** GIVEN RECORDS follows **

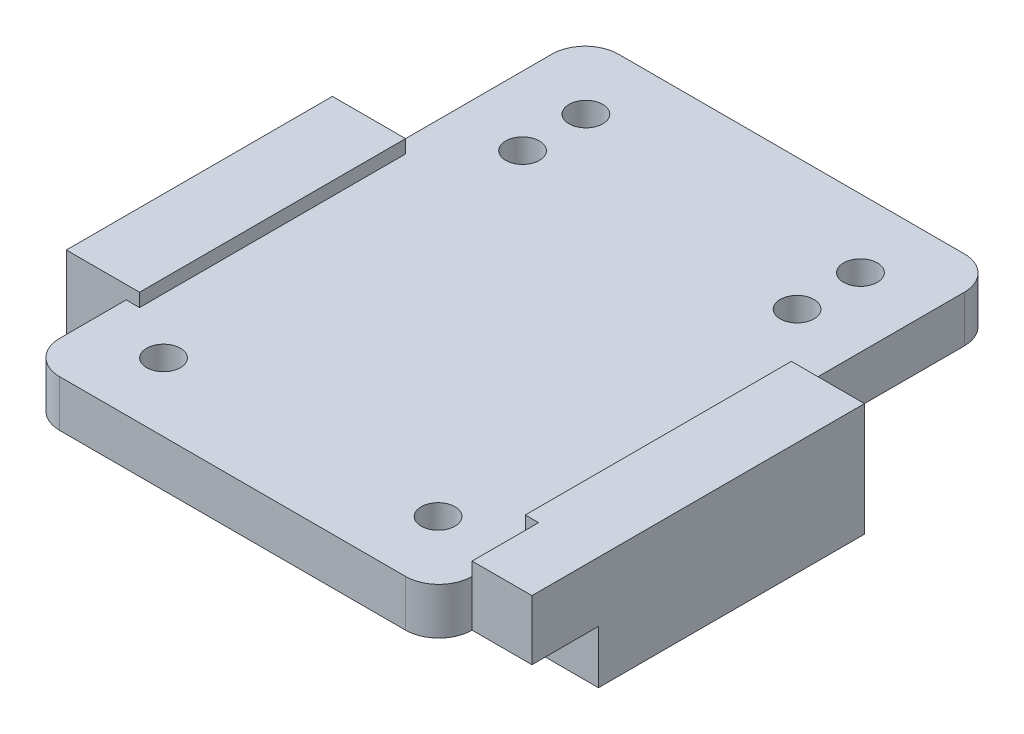
ISO-10303-21;
HEADER;
FILE_DESCRIPTION(('STEP AP214'),'2;1');
FILE_NAME('part.step','',(''),(''),'','','');
FILE_SCHEMA(('AUTOMOTIVE_DESIGN { 1 0 10303 214 1 1 1 1 }'));
ENDSEC;
DATA;
#1=APPLICATION_CONTEXT('core data for automotive mechanical design processes');
#2=APPLICATION_PROTOCOL_DEFINITION('international standard','automotive_design',2000,#1);
#3=PRODUCT_CONTEXT('',#1,'mechanical');
#4=PRODUCT('Part','Part','',(#3));
#5=PRODUCT_RELATED_PRODUCT_CATEGORY('part','',(#4));
#6=PRODUCT_DEFINITION_FORMATION('','',#4);
#7=PRODUCT_DEFINITION_CONTEXT('part definition',#1,'design');
#8=PRODUCT_DEFINITION('design','',#6,#7);
#9=PRODUCT_DEFINITION_SHAPE('','',#8);
#10=(LENGTH_UNIT() NAMED_UNIT(*) SI_UNIT(.MILLI.,.METRE.));
#11=(NAMED_UNIT(*) PLANE_ANGLE_UNIT() SI_UNIT($,.RADIAN.));
#12=(NAMED_UNIT(*) SI_UNIT($,.STERADIAN.) SOLID_ANGLE_UNIT());
#13=UNCERTAINTY_MEASURE_WITH_UNIT(LENGTH_MEASURE(1.E-05),#10,'distance_accuracy_value','');
#14=(GEOMETRIC_REPRESENTATION_CONTEXT(3) GLOBAL_UNCERTAINTY_ASSIGNED_CONTEXT((#13)) GLOBAL_UNIT_ASSIGNED_CONTEXT((#10,
#11,#12)) REPRESENTATION_CONTEXT('',''));
#15=CARTESIAN_POINT('',(0.,0.,0.));
#16=DIRECTION('',(0.,0.,1.));
#17=DIRECTION('',(1.,0.,0.));
#18=AXIS2_PLACEMENT_3D('',#15,#16,#17);
#19=CARTESIAN_POINT('',(29.,52.4849370253831,27.));
#20=DIRECTION('',(0.,0.,1.));
#21=DIRECTION('',(1.,0.,0.));
#22=AXIS2_PLACEMENT_3D('',#19,#20,#21);
#23=PLANE('',#22);
#24=DIRECTION('',(0.,-1.,0.));
#25=VECTOR('',#24,1.);
#26=CARTESIAN_POINT('',(40.,52.4849370253831,27.));
#27=LINE('',#26,#25);
#28=CARTESIAN_POINT('',(40.,0.,27.));
#29=VERTEX_POINT('',#28);
#30=CARTESIAN_POINT('',(40.,-8.,27.));
#31=VERTEX_POINT('',#30);
#32=EDGE_CURVE('E310',#29,#31,#27,.T.);
#33=ORIENTED_EDGE('',*,*,#32,.F.);
#34=DIRECTION('',(-1.,0.,0.));
#35=VECTOR('',#34,1.);
#36=CARTESIAN_POINT('',(0.,0.,27.));
#37=LINE('',#36,#35);
#38=CARTESIAN_POINT('',(29.,0.,27.));
#39=VERTEX_POINT('',#38);
#40=EDGE_CURVE('E223',#29,#39,#37,.T.);
#41=ORIENTED_EDGE('',*,*,#40,.T.);
#42=DIRECTION('',(0.,-1.,0.));
#43=VECTOR('',#42,1.);
#44=CARTESIAN_POINT('',(29.,52.4849370253831,27.));
#45=LINE('',#44,#43);
#46=CARTESIAN_POINT('',(29.,-8.,27.));
#47=VERTEX_POINT('',#46);
#48=EDGE_CURVE('E309',#39,#47,#45,.T.);
#49=ORIENTED_EDGE('',*,*,#48,.T.);
#50=DIRECTION('',(-1.,0.,0.));
#51=VECTOR('',#50,1.);
#52=CARTESIAN_POINT('',(29.,-8.,27.));
#53=LINE('',#52,#51);
#54=EDGE_CURVE('E295',#31,#47,#53,.T.);
#55=ORIENTED_EDGE('',*,*,#54,.F.);
#56=EDGE_LOOP('',(#33,#41,#49,#55));
#57=FACE_BOUND('',#56,.T.);
#58=ADVANCED_FACE('F46',(#57),#23,.T.);
#59=DIRECTION('',(-1.,0.,0.));
#60=VECTOR('',#59,1.);
#61=CARTESIAN_POINT('',(0.,7.,27.));
#62=LINE('',#61,#60);
#63=CARTESIAN_POINT('',(31.,7.00000000000001,27.));
#64=VERTEX_POINT('',#63);
#65=CARTESIAN_POINT('',(29.,7.,27.));
#66=VERTEX_POINT('',#65);
#67=EDGE_CURVE('E323',#64,#66,#62,.T.);
#68=ORIENTED_EDGE('',*,*,#67,.F.);
#69=DIRECTION('',(0.,1.,0.));
#70=VECTOR('',#69,1.);
#71=CARTESIAN_POINT('',(31.,0.,27.));
#72=LINE('',#71,#70);
#73=CARTESIAN_POINT('',(31.,9.,27.));
#74=VERTEX_POINT('',#73);
#75=EDGE_CURVE('E611',#64,#74,#72,.T.);
#76=ORIENTED_EDGE('',*,*,#75,.T.);
#77=DIRECTION('',(1.,0.,0.));
#78=VECTOR('',#77,1.);
#79=CARTESIAN_POINT('',(29.,9.,27.));
#80=LINE('',#79,#78);
#81=CARTESIAN_POINT('',(29.,9.,27.));
#82=VERTEX_POINT('',#81);
#83=EDGE_CURVE('E300',#82,#74,#80,.T.);
#84=ORIENTED_EDGE('',*,*,#83,.F.);
#85=EDGE_CURVE('E301',#82,#66,#45,.T.);
#86=ORIENTED_EDGE('',*,*,#85,.T.);
#87=EDGE_LOOP('',(#68,#76,#84,#86));
#88=FACE_BOUND('',#87,.T.);
#89=ADVANCED_FACE('F506',(#88),#23,.T.);
#90=CARTESIAN_POINT('',(-31.,7.,-42.));
#91=DIRECTION('',(1.,0.,0.));
#92=DIRECTION('',(0.,0.,-1.));
#93=AXIS2_PLACEMENT_3D('',#90,#91,#92);
#94=PLANE('',#93);
#95=DIRECTION('',(0.,0.,1.));
#96=VECTOR('',#95,1.);
#97=CARTESIAN_POINT('',(-31.,7.,-42.));
#98=LINE('',#97,#96);
#99=CARTESIAN_POINT('',(-31.,7.,27.));
#100=VERTEX_POINT('',#99);
#101=CARTESIAN_POINT('',(-31.,7.,37.));
#102=VERTEX_POINT('',#101);
#103=EDGE_CURVE('E351',#100,#102,#98,.T.);
#104=ORIENTED_EDGE('',*,*,#103,.F.);
#105=DIRECTION('',(0.,-1.,0.));
#106=VECTOR('',#105,1.);
#107=CARTESIAN_POINT('',(-31.,7.,27.));
#108=LINE('',#107,#106);
#109=CARTESIAN_POINT('',(-31.,0.,27.));
#110=VERTEX_POINT('',#109);
#111=EDGE_CURVE('E282',#100,#110,#108,.T.);
#112=ORIENTED_EDGE('',*,*,#111,.T.);
#113=DIRECTION('',(0.,0.,1.));
#114=VECTOR('',#113,1.);
#115=CARTESIAN_POINT('',(-31.,0.,-42.));
#116=LINE('',#115,#114);
#117=CARTESIAN_POINT('',(-31.,0.,37.));
#118=VERTEX_POINT('',#117);
#119=EDGE_CURVE('E366',#110,#118,#116,.T.);
#120=ORIENTED_EDGE('',*,*,#119,.T.);
#121=DIRECTION('',(0.,-1.,0.));
#122=VECTOR('',#121,1.);
#123=CARTESIAN_POINT('',(-31.,7.,37.));
#124=LINE('',#123,#122);
#125=EDGE_CURVE('E424',#118,#102,#124,.F.);
#126=ORIENTED_EDGE('',*,*,#125,.T.);
#127=EDGE_LOOP('',(#104,#112,#120,#126));
#128=FACE_BOUND('',#127,.T.);
#129=ADVANCED_FACE('F511',(#128),#94,.F.);
#130=CARTESIAN_POINT('',(-31.,0.,-37.));
#131=VERTEX_POINT('',#130);
#132=CARTESIAN_POINT('',(-31.,0.,-12.9999999999999));
#133=VERTEX_POINT('',#132);
#134=EDGE_CURVE('E362',#131,#133,#116,.T.);
#135=ORIENTED_EDGE('',*,*,#134,.T.);
#136=DIRECTION('',(0.,1.,0.));
#137=VECTOR('',#136,1.);
#138=CARTESIAN_POINT('',(-31.,7.,-12.9999999999999));
#139=LINE('',#138,#137);
#140=CARTESIAN_POINT('',(-31.,7.,-12.9999999999999));
#141=VERTEX_POINT('',#140);
#142=EDGE_CURVE('E278',#133,#141,#139,.T.);
#143=ORIENTED_EDGE('',*,*,#142,.T.);
#144=CARTESIAN_POINT('',(-31.,7.,-37.));
#145=VERTEX_POINT('',#144);
#146=EDGE_CURVE('E348',#145,#141,#98,.T.);
#147=ORIENTED_EDGE('',*,*,#146,.F.);
#148=DIRECTION('',(0.,-1.,0.));
#149=VECTOR('',#148,1.);
#150=CARTESIAN_POINT('',(-31.,7.,-37.));
#151=LINE('',#150,#149);
#152=EDGE_CURVE('E405',#145,#131,#151,.T.);
#153=ORIENTED_EDGE('',*,*,#152,.T.);
#154=EDGE_LOOP('',(#135,#143,#147,#153));
#155=FACE_BOUND('',#154,.T.);
#156=ADVANCED_FACE('F460',(#155),#94,.F.);
#157=CARTESIAN_POINT('',(31.,7.,42.));
#158=DIRECTION('',(0.,0.,-1.));
#159=DIRECTION('',(-1.,0.,0.));
#160=AXIS2_PLACEMENT_3D('',#157,#158,#159);
#161=PLANE('',#160);
#162=DIRECTION('',(1.,0.,0.));
#163=VECTOR('',#162,1.);
#164=CARTESIAN_POINT('',(31.,0.,42.));
#165=LINE('',#164,#163);
#166=CARTESIAN_POINT('',(-26.,0.,42.));
#167=VERTEX_POINT('',#166);
#168=CARTESIAN_POINT('',(26.,0.,42.));
#169=VERTEX_POINT('',#168);
#170=EDGE_CURVE('E365',#167,#169,#165,.T.);
#171=ORIENTED_EDGE('',*,*,#170,.T.);
#172=DIRECTION('',(0.,-1.,0.));
#173=VECTOR('',#172,1.);
#174=CARTESIAN_POINT('',(26.,7.,42.));
#175=LINE('',#174,#173);
#176=CARTESIAN_POINT('',(26.,7.,42.));
#177=VERTEX_POINT('',#176);
#178=EDGE_CURVE('E417',#169,#177,#175,.F.);
#179=ORIENTED_EDGE('',*,*,#178,.T.);
#180=DIRECTION('',(1.,0.,0.));
#181=VECTOR('',#180,1.);
#182=CARTESIAN_POINT('',(31.,7.,42.));
#183=LINE('',#182,#181);
#184=CARTESIAN_POINT('',(-26.,7.,42.));
#185=VERTEX_POINT('',#184);
#186=EDGE_CURVE('E350',#185,#177,#183,.T.);
#187=ORIENTED_EDGE('',*,*,#186,.F.);
#188=DIRECTION('',(0.,-1.,0.));
#189=VECTOR('',#188,1.);
#190=CARTESIAN_POINT('',(-26.,7.,42.));
#191=LINE('',#190,#189);
#192=EDGE_CURVE('E414',#185,#167,#191,.T.);
#193=ORIENTED_EDGE('',*,*,#192,.T.);
#194=EDGE_LOOP('',(#171,#179,#187,#193));
#195=FACE_BOUND('',#194,.T.);
#196=ADVANCED_FACE('F555',(#195),#161,.F.);
#197=CARTESIAN_POINT('',(31.,7.,-42.));
#198=DIRECTION('',(-1.,0.,0.));
#199=DIRECTION('',(0.,0.,1.));
#200=AXIS2_PLACEMENT_3D('',#197,#198,#199);
#201=PLANE('',#200);
#202=DIRECTION('',(0.,0.,-1.));
#203=VECTOR('',#202,1.);
#204=CARTESIAN_POINT('',(31.,7.,-42.));
#205=LINE('',#204,#203);
#206=CARTESIAN_POINT('',(31.,7.,-13.));
#207=VERTEX_POINT('',#206);
#208=CARTESIAN_POINT('',(31.,7.,-37.));
#209=VERTEX_POINT('',#208);
#210=EDGE_CURVE('E354',#207,#209,#205,.T.);
#211=ORIENTED_EDGE('',*,*,#210,.F.);
#212=DIRECTION('',(0.,-1.,0.));
#213=VECTOR('',#212,1.);
#214=CARTESIAN_POINT('',(31.,7.,-13.));
#215=LINE('',#214,#213);
#216=CARTESIAN_POINT('',(31.,0.,-13.));
#217=VERTEX_POINT('',#216);
#218=EDGE_CURVE('E318',#207,#217,#215,.T.);
#219=ORIENTED_EDGE('',*,*,#218,.T.);
#220=DIRECTION('',(0.,0.,-1.));
#221=VECTOR('',#220,1.);
#222=CARTESIAN_POINT('',(31.,0.,-42.));
#223=LINE('',#222,#221);
#224=CARTESIAN_POINT('',(31.,0.,-37.));
#225=VERTEX_POINT('',#224);
#226=EDGE_CURVE('E369',#217,#225,#223,.T.);
#227=ORIENTED_EDGE('',*,*,#226,.T.);
#228=DIRECTION('',(0.,-1.,0.));
#229=VECTOR('',#228,1.);
#230=CARTESIAN_POINT('',(31.,7.,-37.));
#231=LINE('',#230,#229);
#232=EDGE_CURVE('E398',#225,#209,#231,.F.);
#233=ORIENTED_EDGE('',*,*,#232,.T.);
#234=EDGE_LOOP('',(#211,#219,#227,#233));
#235=FACE_BOUND('',#234,.T.);
#236=ADVANCED_FACE('F479',(#235),#201,.F.);
#237=CARTESIAN_POINT('',(31.,7.,-42.));
#238=DIRECTION('',(0.,0.,1.));
#239=DIRECTION('',(1.,0.,0.));
#240=AXIS2_PLACEMENT_3D('',#237,#238,#239);
#241=PLANE('',#240);
#242=DIRECTION('',(-1.,0.,0.));
#243=VECTOR('',#242,1.);
#244=CARTESIAN_POINT('',(31.,7.,-42.));
#245=LINE('',#244,#243);
#246=CARTESIAN_POINT('',(26.,7.,-42.));
#247=VERTEX_POINT('',#246);
#248=CARTESIAN_POINT('',(-26.,7.,-42.));
#249=VERTEX_POINT('',#248);
#250=EDGE_CURVE('E358',#247,#249,#245,.T.);
#251=ORIENTED_EDGE('',*,*,#250,.F.);
#252=DIRECTION('',(0.,-1.,0.));
#253=VECTOR('',#252,1.);
#254=CARTESIAN_POINT('',(26.,7.,-42.));
#255=LINE('',#254,#253);
#256=CARTESIAN_POINT('',(26.,0.,-42.));
#257=VERTEX_POINT('',#256);
#258=EDGE_CURVE('E390',#247,#257,#255,.T.);
#259=ORIENTED_EDGE('',*,*,#258,.T.);
#260=DIRECTION('',(-1.,0.,0.));
#261=VECTOR('',#260,1.);
#262=CARTESIAN_POINT('',(31.,0.,-42.));
#263=LINE('',#262,#261);
#264=CARTESIAN_POINT('',(-26.,0.,-42.));
#265=VERTEX_POINT('',#264);
#266=EDGE_CURVE('E371',#257,#265,#263,.T.);
#267=ORIENTED_EDGE('',*,*,#266,.T.);
#268=DIRECTION('',(0.,-1.,0.));
#269=VECTOR('',#268,1.);
#270=CARTESIAN_POINT('',(-26.,7.,-42.));
#271=LINE('',#270,#269);
#272=EDGE_CURVE('E361',#265,#249,#271,.F.);
#273=ORIENTED_EDGE('',*,*,#272,.T.);
#274=EDGE_LOOP('',(#251,#259,#267,#273));
#275=FACE_BOUND('',#274,.T.);
#276=ADVANCED_FACE('F470',(#275),#241,.F.);
#277=CARTESIAN_POINT('',(0.,7.,0.));
#278=DIRECTION('',(0.,-1.,0.));
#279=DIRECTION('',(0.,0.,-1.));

** End of GIVEN RECORDS **

EXERCISE BRIEF: All that is wanted is the stretch of lines above from the one containing "#245=LINE('',#244,#243);" through the one containing "#257=VERTEX_POINT('',#256);", duplicated exactly.

RESPONSE TO THE EXERCISE:
#245=LINE('',#244,#243);
#246=CARTESIAN_POINT('',(26.,7.,-42.));
#247=VERTEX_POINT('',#246);
#248=CARTESIAN_POINT('',(-26.,7.,-42.));
#249=VERTEX_POINT('',#248);
#250=EDGE_CURVE('E358',#247,#249,#245,.T.);
#251=ORIENTED_EDGE('',*,*,#250,.F.);
#252=DIRECTION('',(0.,-1.,0.));
#253=VECTOR('',#252,1.);
#254=CARTESIAN_POINT('',(26.,7.,-42.));
#255=LINE('',#254,#253);
#256=CARTESIAN_POINT('',(26.,0.,-42.));
#257=VERTEX_POINT('',#256);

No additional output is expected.